_EXERCISE AIM_
The answer must be a single number: how many lines in the entries hold the string "Repository".

Extracted data entries
%%
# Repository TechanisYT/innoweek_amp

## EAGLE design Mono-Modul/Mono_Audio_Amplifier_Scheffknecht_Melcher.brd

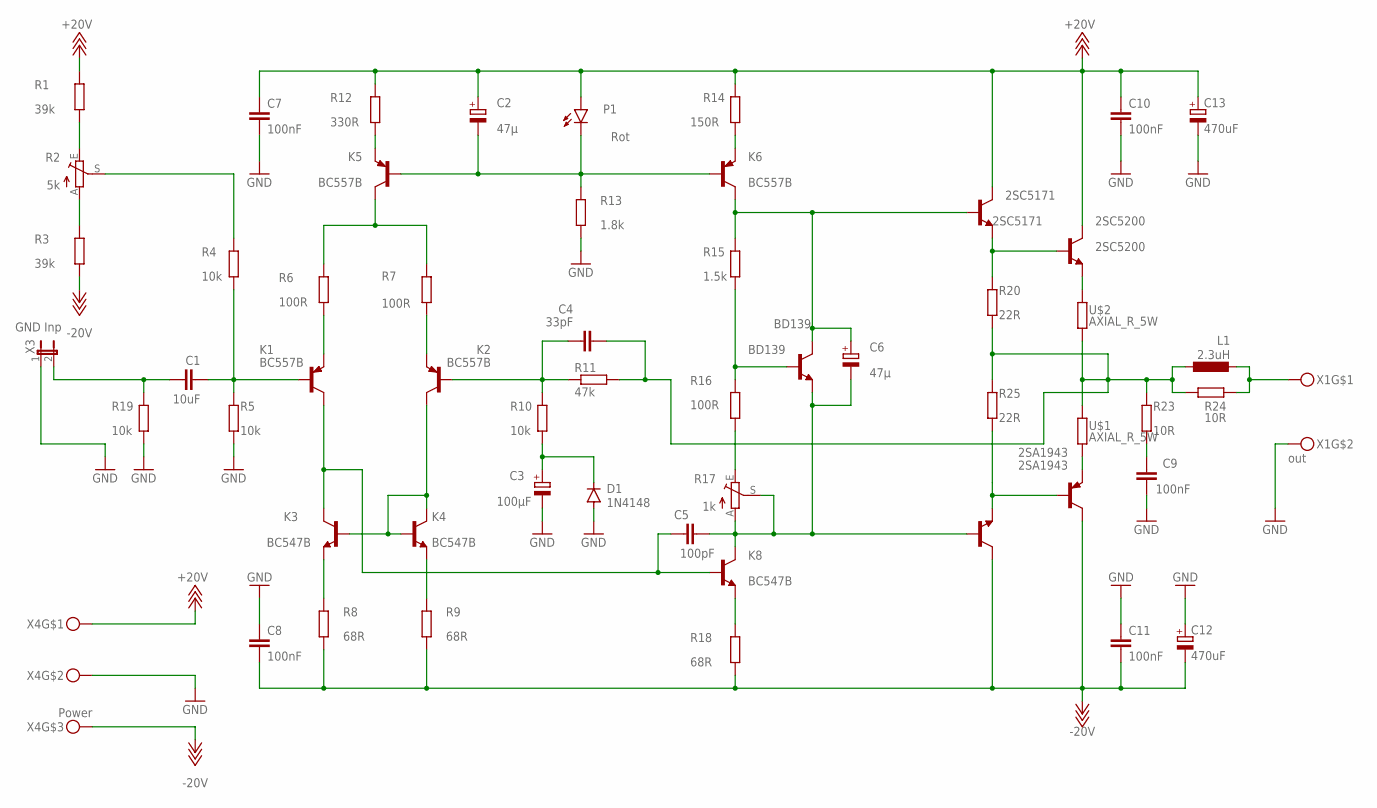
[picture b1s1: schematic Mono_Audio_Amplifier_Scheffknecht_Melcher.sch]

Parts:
2SA1930: 2SA1930; TO220BV
2SA1943: 2SA1943; TO264
2SC5171: 2SC5171; TO220BV
2SC5200: 2SC5200; TO264
BD139: BD139; TO126V
C1: 10uF; C0805
C2, C6: 47µ; E2,5-6
C3: 100µF; E2,5-7
C4: 33pF; C0805
C5: 100pF; C0805
C7, C8, C9, C10, C11: 100nF; C0805
C12, C13: 470uF; E3,5-8
D1: 1N4148; DO35-7
K1, K2, K5, K6: BC557B; TO92-EBC
K3, K4, K8: BC547B; TO92-CBE
L1: 2.3uH; TJ3-U2
P1: Rot; LED5MM
R1, R3: 39k; R0805
R2: 5k; S64W
R4, R5, R10, R19: 10k; R0805
R6, R7, R16: 100R; R0805
R8, R9, R18: 68R; R0805
R11: 47k; R0805
R12: 330R; R0805
R13: 1.8k; R0805
R14: 150R; R0805
R15: 1.5k; R0805
R17: 1k; S64W
R20, R25: 22R; R0805
R23, R24: 10R; R0805
U$1, U$2: AXIAL_R_5W; AXIAL_RESISTOR
X1: out; MKDS3/2_5,08
X3: GND Inp; JMP2
X4: Power; MKDS3/3_5,08

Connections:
+18V: 2SC5171.2 (C), 2SC5200.2 (C), C2.+, C7.1, C10.1, C13.+, P1.A, R1.1, R12.1, R14.1, X4.P$1
-18V: 2SA1930.2 (C), 2SA1943.2 (C), C8.2, C11.2, C12.-, R3.2, R8.2, R9.2, R18.2, X4.P$3
AUX_IN: C1.2, K1.B, R4.2, R5.1
GND: C3.-, C7.2, C8.1, C9.1, C10.2, C11.1, C12.+, C13.-, D1.A, R5.2, R13.2, R19.2, X1.P$2, X3.1, X4.P$2
unnamed: 2SC5200.3 (E), U$2.P$2 (2)
unnamed: 2SC5171.3 (E), 2SC5200.1 (B), R20.2
unnamed: 2SA1943.3 (E), U$1.P$1 (1)
unnamed: C4.2, L1.1, R11.2, R20.1, R23.2, R24.2, R25.2, U$1.P$2 (2), U$2.P$1 (1)
unnamed: C5.1, K1.C, K3.C, K8.B
unnamed: R16.2, R17.E
unnamed: BD139.3 (B), R15.2, R16.1
unnamed: 2SA1930.1 (B), BD139.1 (E), C5.2, C6.-, K8.C, R17.A, R17.S
unnamed: 2SC5171.1 (B), BD139.2 (C), C6.+, K6.C, R15.1
unnamed: K8.E, R18.1
unnamed: K6.E, R14.2
unnamed: K5.C, R6.1, R7.1
unnamed: K5.E, R12.2
unnamed: C4.1, K2.B, R10.1, R11.1
unnamed: K4.E, R9.1
unnamed: C2.-, K5.B, K6.B, P1.K (C), R13.1
unnamed: K1.E, R6.2
unnamed: K3.E, R8.1
unnamed: K2.E, R7.2
unnamed: K2.C, K3.B, K4.B, K4.C
unnamed: C3.+, D1.C, R10.2
unnamed: C9.2, R23.1
unnamed: C1.1, R19.1, X3.2
unnamed: R1.2, R2.E
unnamed: 2SA1930.3 (E), 2SA1943.1 (B), R25.1
unnamed: R2.S, R4.1
unnamed: R2.A, R3.1
unnamed: L1.2, R24.1, X1.P$1

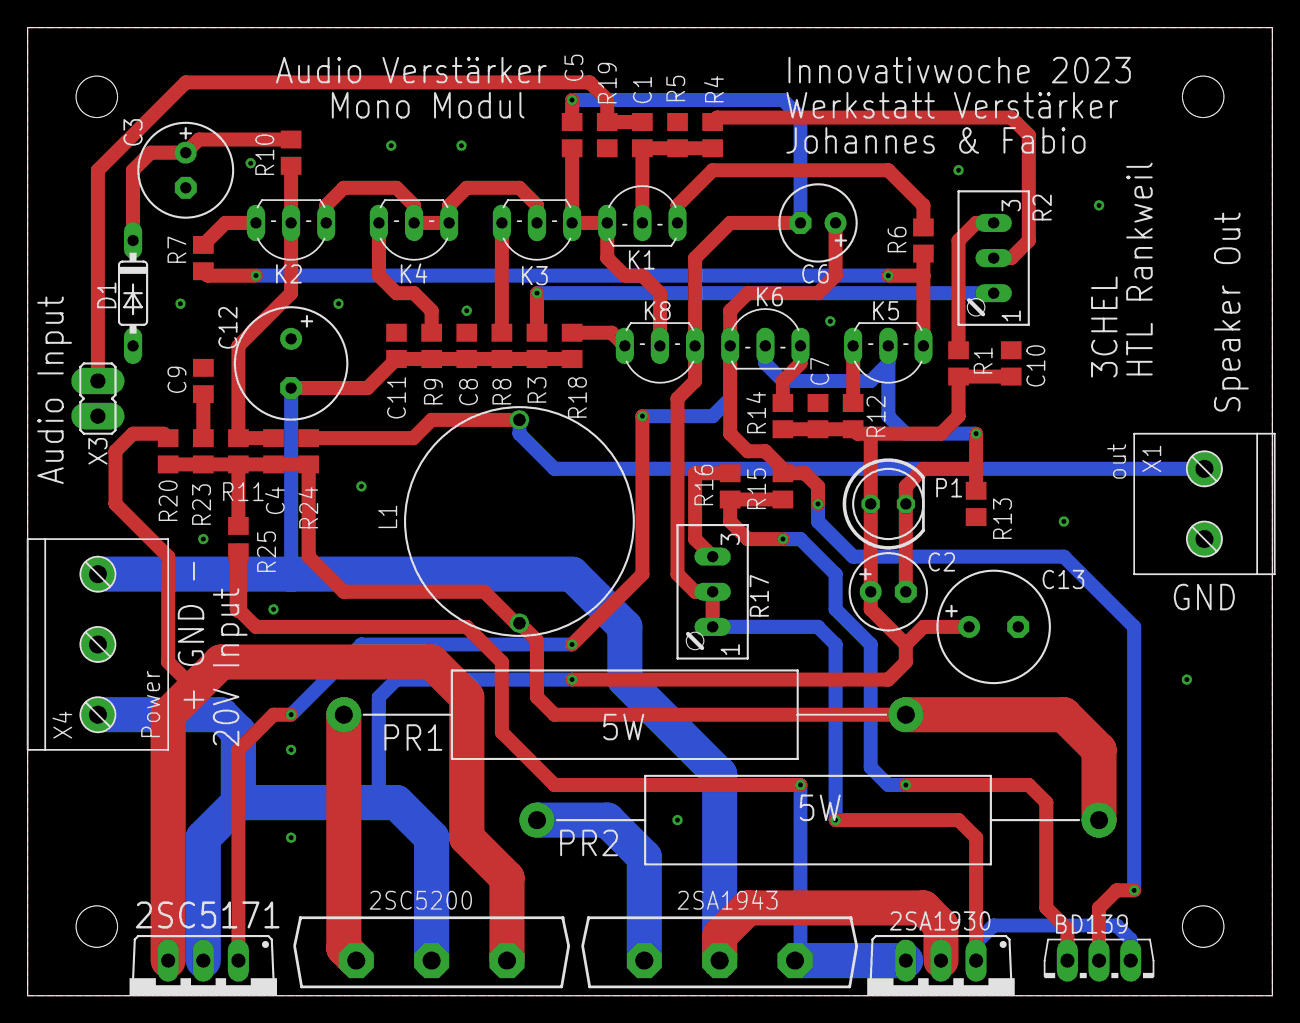
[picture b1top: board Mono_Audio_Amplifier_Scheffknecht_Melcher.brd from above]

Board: 2 copper layers, 90.0 x 70.0 mm, 56 parts (0 on the bottom side), 32 nets.

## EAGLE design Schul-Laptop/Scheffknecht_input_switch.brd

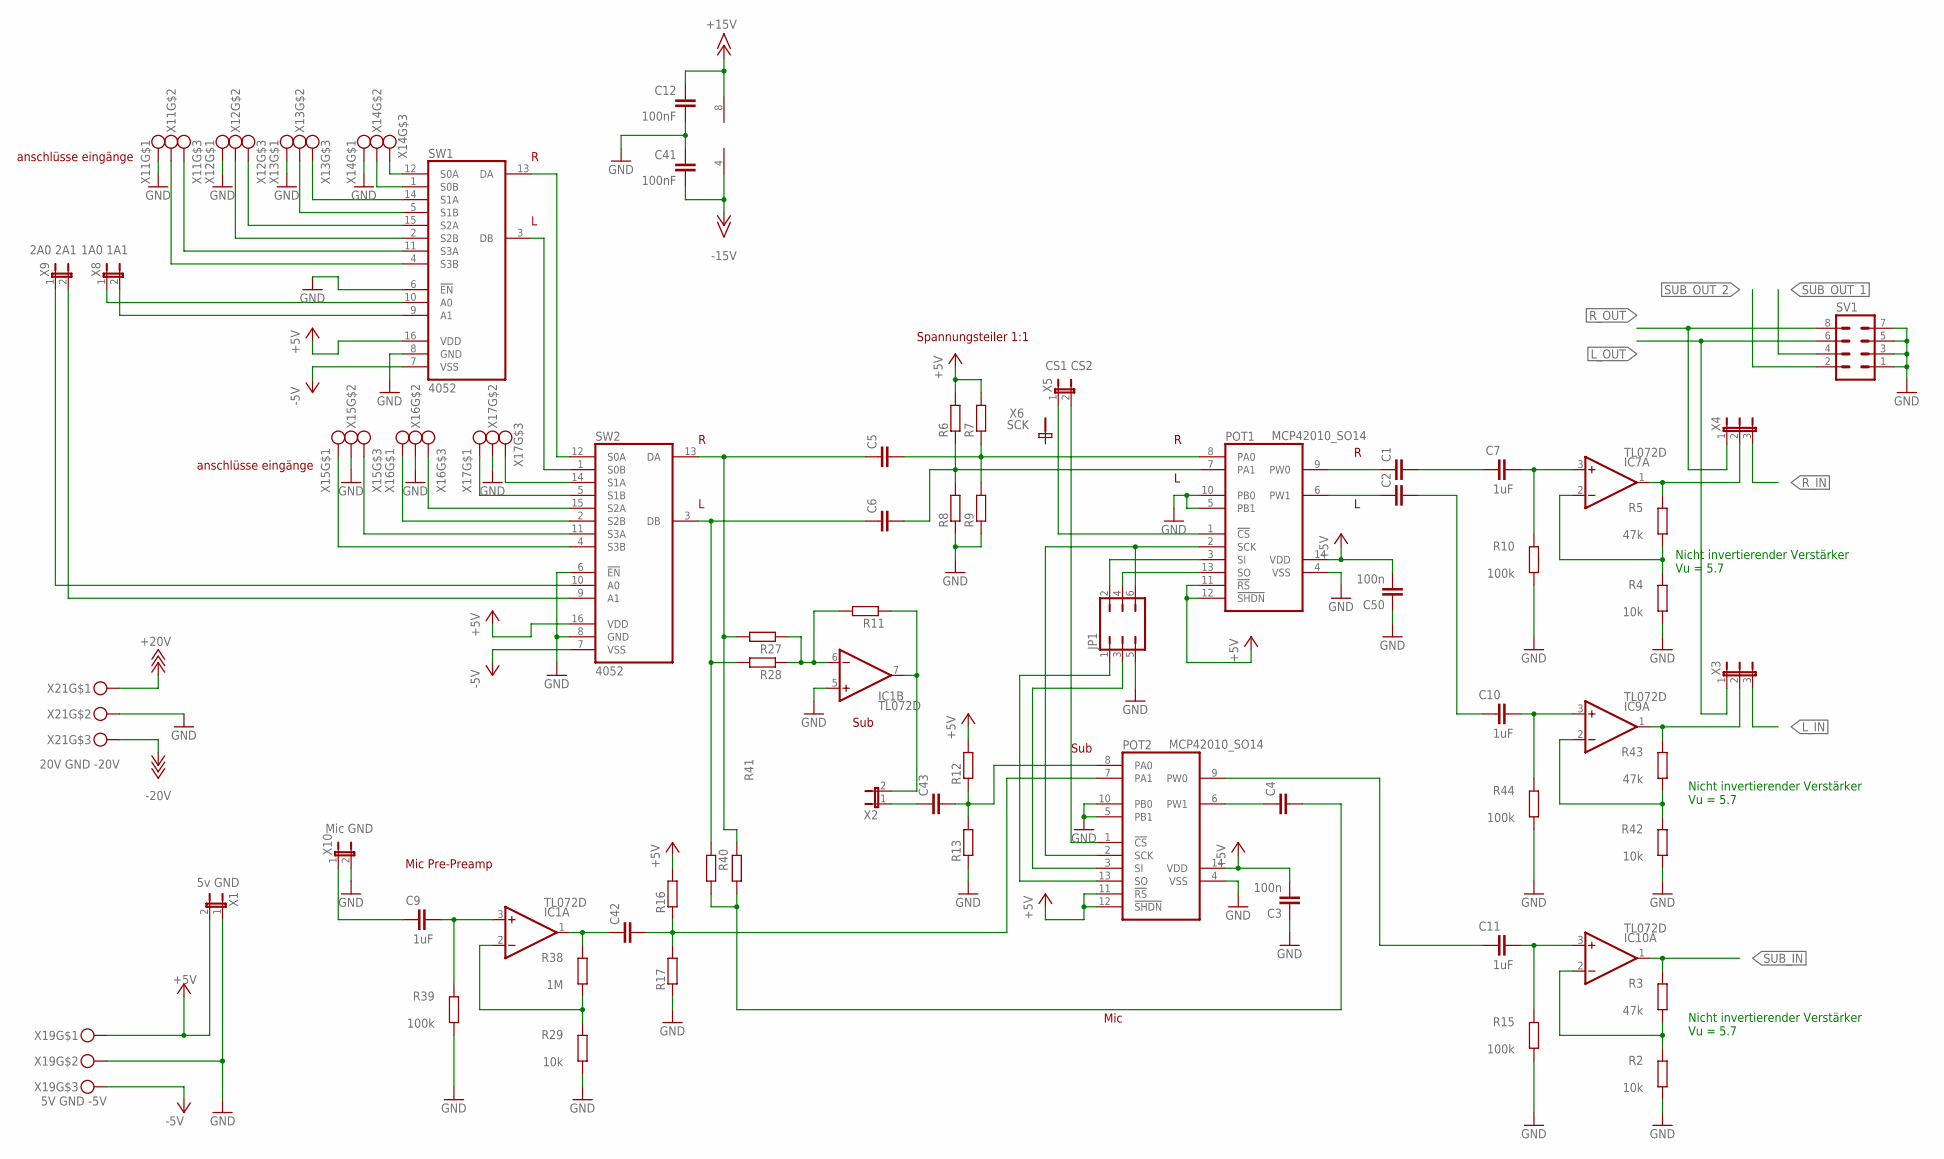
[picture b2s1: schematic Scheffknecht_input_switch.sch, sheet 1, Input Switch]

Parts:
C1, C2, C4, C5, C6, C42, C43: C-EUC0805; C0805
C3, C50: 100n; C0805
C7, C9, C10, C11: 1uF; C025-025X050
C12, C41: 100nF; C0805
FRAME1: HTL-A3-H; HTL-LEER
IC1, IC7, IC9, IC10: TL072D; SO08
JP1: JP3Q
POT1, POT2: MCP42010_SO14; SO14
R2, R4, R29, R42: 10k; M0805
R3, R5, R43: 47k; M0805
R6, R7, R8, R9, R11, R12, R13, R16, R17, R27, R28, R40, R41: R-EU_M0805; M0805
R10, R15, R39, R44: 100k; M0805
R38: 1M; M0805
SV1: MA04-2
SW1, SW2: 4052; SO-16
X1: 5v GND; JMP2
X2: JMP2
X3, X4: JMP3
X5: CS1 CS2; JMP2
X6: SCK; PIN1
X8: 1A0 1A1; JMP2
X9: 2A0 2A1; JMP2
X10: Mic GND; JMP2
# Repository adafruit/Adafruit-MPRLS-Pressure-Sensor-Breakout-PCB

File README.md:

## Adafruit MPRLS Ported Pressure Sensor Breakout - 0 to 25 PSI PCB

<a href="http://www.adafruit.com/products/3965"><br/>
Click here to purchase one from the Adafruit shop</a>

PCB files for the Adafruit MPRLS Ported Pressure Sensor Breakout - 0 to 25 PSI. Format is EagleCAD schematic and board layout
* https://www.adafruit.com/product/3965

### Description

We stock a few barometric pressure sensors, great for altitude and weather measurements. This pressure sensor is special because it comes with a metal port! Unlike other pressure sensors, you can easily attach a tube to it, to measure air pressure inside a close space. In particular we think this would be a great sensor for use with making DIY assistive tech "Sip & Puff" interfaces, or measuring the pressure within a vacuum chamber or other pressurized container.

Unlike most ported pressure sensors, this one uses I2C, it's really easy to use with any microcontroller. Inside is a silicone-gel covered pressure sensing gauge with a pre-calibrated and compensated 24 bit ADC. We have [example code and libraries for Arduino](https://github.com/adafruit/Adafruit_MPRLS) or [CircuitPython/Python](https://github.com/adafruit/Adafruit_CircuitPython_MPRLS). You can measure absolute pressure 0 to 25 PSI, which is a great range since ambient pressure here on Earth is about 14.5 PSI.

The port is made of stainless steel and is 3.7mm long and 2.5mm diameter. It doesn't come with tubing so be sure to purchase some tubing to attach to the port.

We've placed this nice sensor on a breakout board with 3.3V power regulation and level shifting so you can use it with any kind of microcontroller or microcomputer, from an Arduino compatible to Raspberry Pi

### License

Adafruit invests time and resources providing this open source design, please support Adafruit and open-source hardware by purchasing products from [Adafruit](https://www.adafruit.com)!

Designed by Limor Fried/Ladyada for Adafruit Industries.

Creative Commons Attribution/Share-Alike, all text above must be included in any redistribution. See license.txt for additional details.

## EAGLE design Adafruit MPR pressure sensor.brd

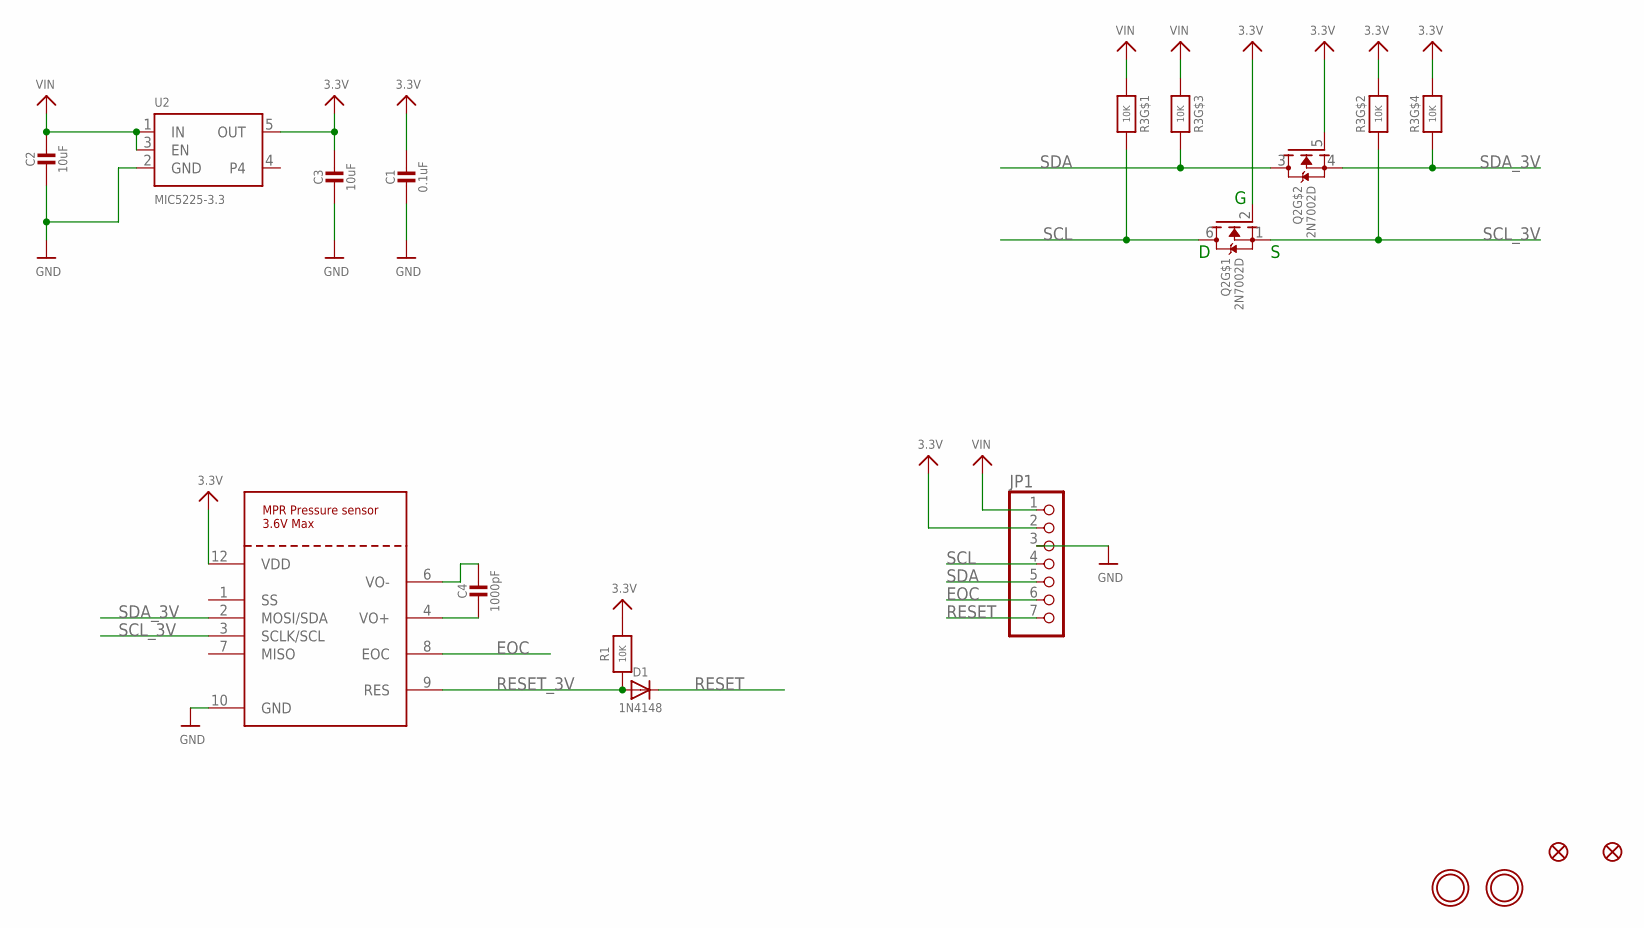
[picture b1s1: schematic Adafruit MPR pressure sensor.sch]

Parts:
C1: 0.1uF; 0603-NO
C2, C3: 10uF; 0805-NO
C4: 1000pF; 0603-NO
D1: 1N4148; SOD-323
FID1, FID2: FIDUCIAL_1MM
JP1: HEADER-1X770MIL; 1X07_ROUND_70
Q2: 2N7002D; SOT363
R1: 10K; 0603-NO
R3: 10K; RESPACK_4X0603
U2: MIC5225-3.3; SOT23-5
U$3, U$4: MOUNTINGHOLE2.5; MOUNTINGHOLE_2.5_PLATED
U$18: MPR_SERIES_I2C_PRESSURE

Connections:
3.3V: C1.1, C3.1, JP1.2, Q2.2 (G), Q2.5 (G), R1.2, R3.2 (1), R3.4 (1), U2.5 (OUT), U$18.12 (VDD)
EOC: JP1.6, U$18.8 (EOC)
GND: C1.2, C2.2, C3.2, JP1.3, U2.2 (GND), U$18.10 (GND)
unnamed: C4.2, U$18.4 (VO+)
unnamed: C4.1, U$18.6 (VO-)
RESET: D1.C, JP1.7
RESET_3V: D1.A, R1.1, U$18.9 (RES)
SCL: JP1.4, Q2.6 (D), R3.8 (2)
SCL_3V: Q2.1 (S), R3.7 (2), U$18.3 (SCLK/SCL)
SDA: JP1.5, Q2.3 (D), R3.6 (2)
SDA_3V: Q2.4 (S), R3.5 (2), U$18.2 (MOSI/SDA)
VIN: C2.1, JP1.1, R3.1, R3.3 (1), U2.1 (IN), U2.3 (EN)

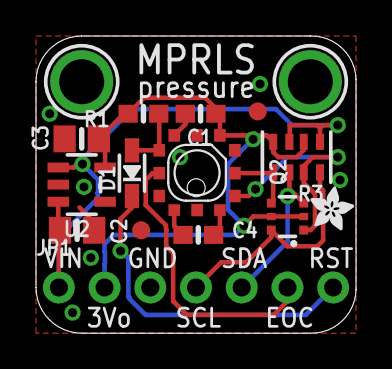
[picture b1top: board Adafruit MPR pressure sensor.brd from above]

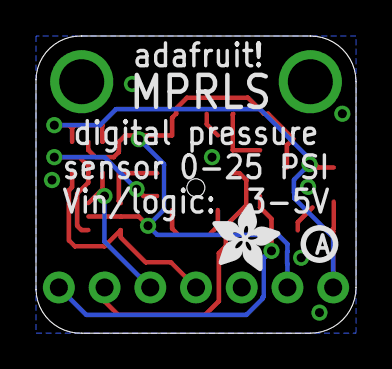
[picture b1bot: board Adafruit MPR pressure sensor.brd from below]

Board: 2 copper layers, 17.8 x 16.5 mm, 18 parts (2 on the bottom side), 12 nets.

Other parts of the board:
U$1: ADAFRUIT_3.5MM
U$8: ADAFRUIT_2.5MM
U$27: PCBFEAT-REV-040

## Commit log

2018-09-26 init
2019-07-16 updating to use the new cookiecutter for pcb repos

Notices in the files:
parts and their libraries:
microbuilder: This work is placed in the public domain, and may be freely used for commercial and non-commercial work with the following conditions:
%%
_SOLUTION TO THIS PROBLEM_
2